Homosexuality in Israel
Israel is among the leaders in equality for sexual minorities.
Reprinted with permission from The Gully Online Magazine.
Although the idea of a vibrant queer community in Israel, reputed birthplace of the biblical condemnation of same-sex relations, may seem far-fetched, Israel today is one of the world's most progressive countries in terms of equality for sexual minorities. Politically, legally, and culturally, the community has moved from life at the margins of Israeli society to visibility and growing acceptance.
In the Beginning
There is no magic mythical beginning to Israel's LGBT community, like the 1969 Stonewall riots that spurred American queers into action. Instead, changes in the values and politics of Israeli society over the past twenty years or so created the space in which a gay and lesbian community could coalesce.
The first gay organization was established in 1975, thanks largely to the work of immigrants from the United States and other English-speaking countries influenced by the development of gay liberation and the counterculture of the 1960s.
The very name of this first organization, the Society for the Protection of Personal Rights (then, as today, known as the Agudah, in Hebrew), reflected the difficulty of organizing sexual minorities at a time when the existence of a sodomy law was thought by many to make homosexuality itself illegal. In its early years, the Agudah functioned more as a support and social group rather than as a political organization.
Lesbians began organizing within the Israeli women's movement, which provided some space for the discussion of lesbian issues and radical feminism. But for many years, Israeli lesbians funneled most of their energies into feminism, rather than the struggle for gay and lesbian equality.
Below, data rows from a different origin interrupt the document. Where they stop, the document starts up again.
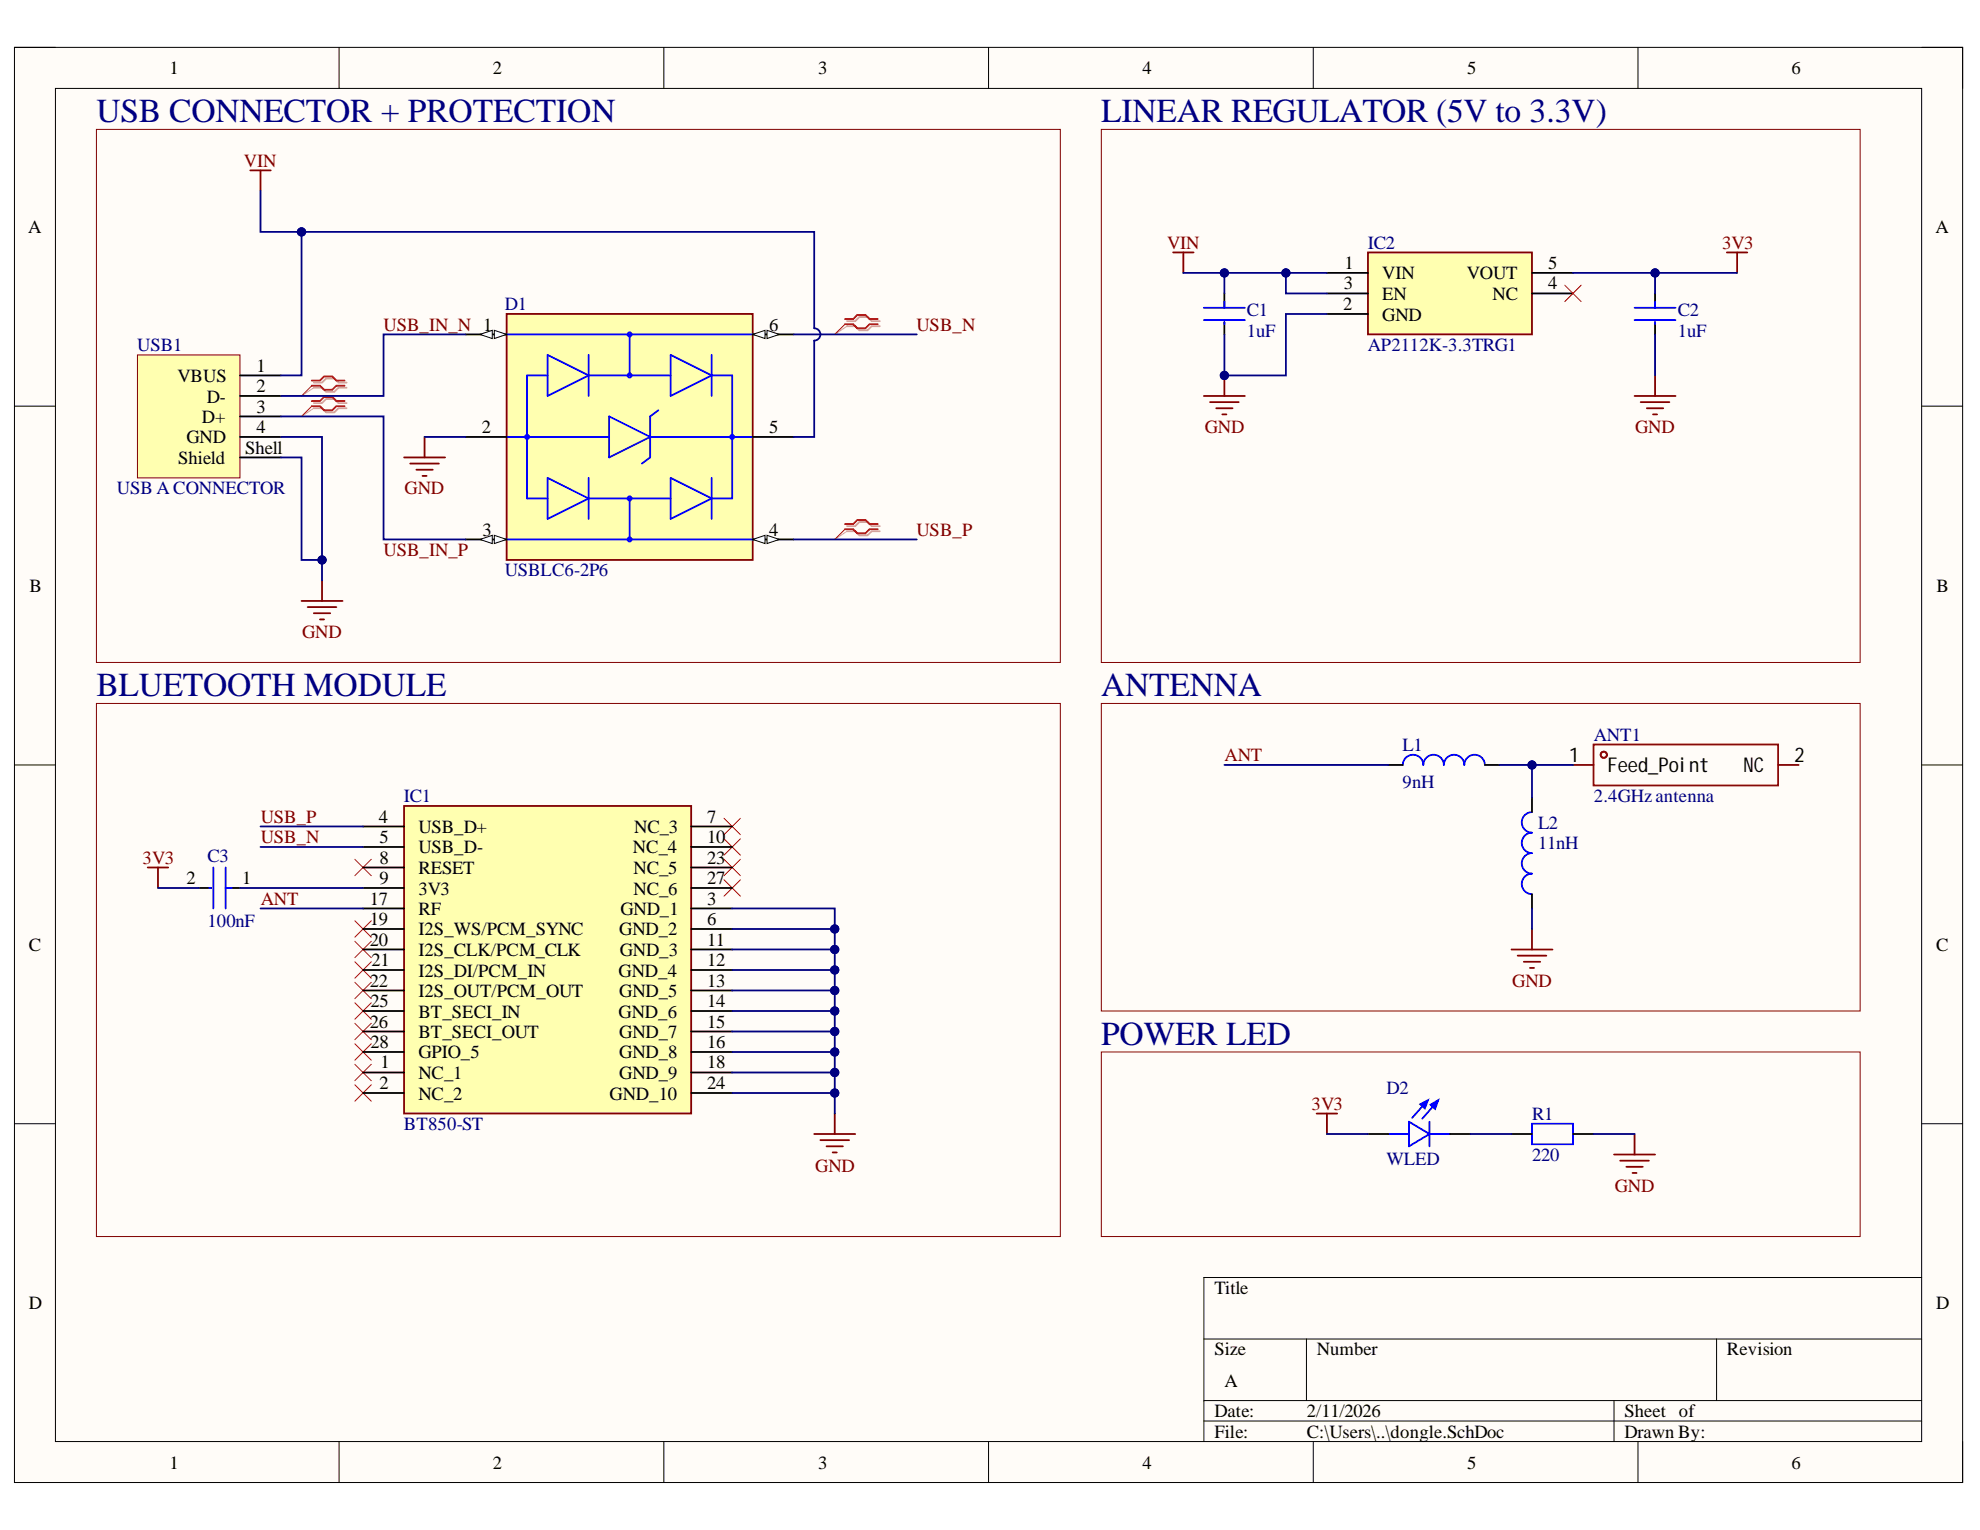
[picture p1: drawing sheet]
<svg xmlns="http://www.w3.org/2000/svg" width="279mm" height="216mm" viewBox="0 0 279 216" stroke-linecap="round" stroke-linejoin="round" font-family="sans-serif">
<path d="M2 6.7h274.9v202.5h-274.9z" fill-rule="evenodd" fill="#fffcf8"/>
<path d="M2 6.7h274.9v202.5h-274.9z" fill="none" stroke="#000" stroke-width=".14"/>
<path d="M7.8 12.5h263.4v190.9h-263.4z" fill-rule="evenodd" fill="#fffcf8"/>
<g fill="none" stroke="#000" stroke-width=".14">
<path d="M2 6.7h5.8M7.8 12.5h263.4v190.9h-263.4zM47.9 6.7v5.8M93.7 6.7v5.8M139.5 6.7v5.8M185.3 6.7v5.8M231.1 6.7v5.8M271.2 6.7h5.7v5.8M2 57.3h5.8M271.2 57.3h5.7M2 107.9h5.8M271.2 107.9h5.7"/>
<path d="M2 158.6h5.8M271.2 158.6h5.7M169.9 188.9h101.3M169.9 197.6h101.3M184.4 188.9v8.7M227.8 197.6v5.8M242.2 188.9v8.7M271.2 180.3h-101.3v23.1M47.9 203.4v5.8M93.7 203.4v5.8M139.5 203.4v5.8M169.9 200.5h101.3"/>
<path d="M185.3 203.4v5.8M231.1 203.4v5.8M276.9 203.4v5.8"/>
</g>
<g fill="none" stroke="#f00" stroke-width=".14">
<path d="M102.2 115.5l2.3 2.3M102.2 118.4l2.3 2.3M104.5 115.5l-2.3 2.3M104.5 118.4l-2.3 2.3M50.1 138.6l2.3 2.3M50.1 135.7l2.3 2.3M50.1 132.8l2.3 2.3M50.1 129.9l2.3 2.3M50.1 121.3l2.3 2.3M52.4 138.6l-2.3 2.3M52.4 135.7l-2.3 2.3M52.4 132.8l-2.3 2.3"/>
<path d="M52.4 129.9l-2.3 2.3M52.4 121.3l-2.3 2.3M102.2 121.3l2.3 2.3M102.2 124.1l2.3 2.4M104.5 121.3l-2.3 2.3M104.5 124.1l-2.3 2.4M50.1 150.2l2.3 2.3M50.1 153.1l2.3 2.3M50.1 147.3l2.3 2.3M50.1 144.4l2.3 2.3M50.1 141.5l2.3 2.3M52.4 150.2l-2.3 2.3"/>
<path d="M52.4 153.1l-2.3 2.3M52.4 147.3l-2.3 2.3M52.4 144.4l-2.3 2.3M52.4 141.5l-2.3 2.3"/>
</g>
<path d="M165.5 35.6h2.9M167 35.6v2.9M117.8 157.1v2.9M114.9 160h5.8M115.8 160.9h4M116.6 161.8h2.3M117.5 162.6h.6" fill="none" stroke="#800000" stroke-width=".25"/>
<g fill="none" stroke="#a00000" stroke-width=".25">
<path d="M224.9 105.1h26v5.7h-26z"/>
<circle cx="226.3" cy="106.5" r=".43"/>
<circle cx="226.3" cy="106.5" r=".44"/>
</g>
<path d="M222 107.9h2.9M250.9 107.9h2.9" fill="none" stroke="#800" stroke-width=".25"/>
<path d="M172.8 41.4v2M172.8 45.5v1.7" fill="none" stroke="#000" stroke-width=".25"/>
<path d="M169.9 43.4h5.8M169.9 45.2h5.8M172.8 42.6v.8M172.8 45.5v.2" fill="none" stroke="#00f" stroke-width=".25"/>
<path d="M193 35.6h23.2v11.6h-23.2z" fill-rule="evenodd" fill="#ffffb0"/>
<path d="M193 35.6h23.2v11.6h-23.2zM169.9 55.9h5.8M170.7 56.7h4.1M171.6 57.6h2.3M172.5 58.5h.6M172.8 53v2.9" fill="none" stroke="#800000" stroke-width=".25"/>
<path d="M187.2 38.5h5.8M216.2 38.5h5.8M187.2 44.3h5.8M187.2 41.4h5.8M216.2 41.4h5.8" fill="none" stroke="#000" stroke-width=".25"/>
<circle cx="172.8" cy="53" r=".58" fill="#000080"/>
<circle cx="172.8" cy="53" r=".58" fill="none" stroke="#000080" stroke-width=".14"/>
<path d="M233.5 41.4v2M233.5 45.5v1.7" fill="none" stroke="#000" stroke-width=".25"/>
<path d="M230.7 43.4h5.7M230.7 45.2h5.7M233.5 42.6v.8M233.5 45.5v.3" fill="none" stroke="#00f" stroke-width=".25"/>
<g fill="none" stroke="#800000" stroke-width=".25">
<path d="M243.7 35.6h2.9M245.1 35.6v2.9M230.7 55.9h5.7M231.5 56.7h4.1M232.4 57.6h2.3M233.3 58.5h.5M233.5 53v2.9M20.8 122.4h2.9M22.3 122.4v2.9M213.3 134h5.8M214.2 134.9h4M215 135.7h2.3"/>
<path d="M215.9 136.6h.6M216.2 131.1v2.9"/>
</g>
<path d="M220.8 40.2l2.3 2.4M223.1 40.2l-2.3 2.4" fill="none" stroke="#f00" stroke-width=".14"/>
<path d="M57 113.7h40.5v43.4h-40.5z" fill-rule="evenodd" fill="#ffffb0"/>
<path d="M57 64.5h5.8M57.9 65.4h4M58.8 66.3h2.3M59.6 67.2h.6M59.9 61.7v2.8M42.5 84.8h5.8M43.4 85.7h4.1M44.3 86.5h2.3M45.2 87.4h.5M45.4 81.9v2.9M57 113.7h40.5v43.4h-40.5z" fill="none" stroke="#800000" stroke-width=".25"/>
<g fill="none" stroke="#000" stroke-width=".25">
<path d="M51.2 116.6h5.8M51.2 119.5h5.8M97.5 116.6h5.8M97.5 119.5h5.8M51.2 128.2h5.8M51.2 131.1h5.8M51.2 122.4h5.8M51.2 125.3h5.8M51.2 134h5.8M51.2 136.9h5.8M51.2 139.8h5.8M97.5 128.2h5.8"/>
<path d="M97.5 131.1h5.8M97.5 122.4h5.8M97.5 125.3h5.8M97.5 134h5.8M97.5 136.9h5.8M97.5 139.8h5.8M51.2 151.3h5.8M51.2 154.2h5.8M51.2 142.7h5.8M51.2 145.6h5.8M51.2 148.4h5.8M97.5 151.3h5.8"/>
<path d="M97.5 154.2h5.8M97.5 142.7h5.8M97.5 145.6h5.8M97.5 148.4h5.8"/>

The development of a gay identity was difficult for many at a time when Israeli society was still in the midst of its Zionist revolution. Zionism, the national liberation movement of the Jewish people, sought to create a "New Jew" as part of the rebirth of Jewish sovereignty. The New Jew would work the land or engage in blue collar jobs, rather than in the "bourgeois" professions taken up by Jews in the Diaspora (the early Zionists were resolute socialists).
The security problems facing the Jewish state also precluded for many years discussion of a variety of social issues and problems. Pleading more pressing issues, the public agenda did not include the place of mizrahim (Jews who immigrated to Israel from the Arab countries) in a society dominated by European-born Jews, women's liberation, equality for Palestinian citizens of Israel, or gay rights. Moreover, the collective values preached by the early founders of the Jewish state likewise left little room for exploration of personal identity.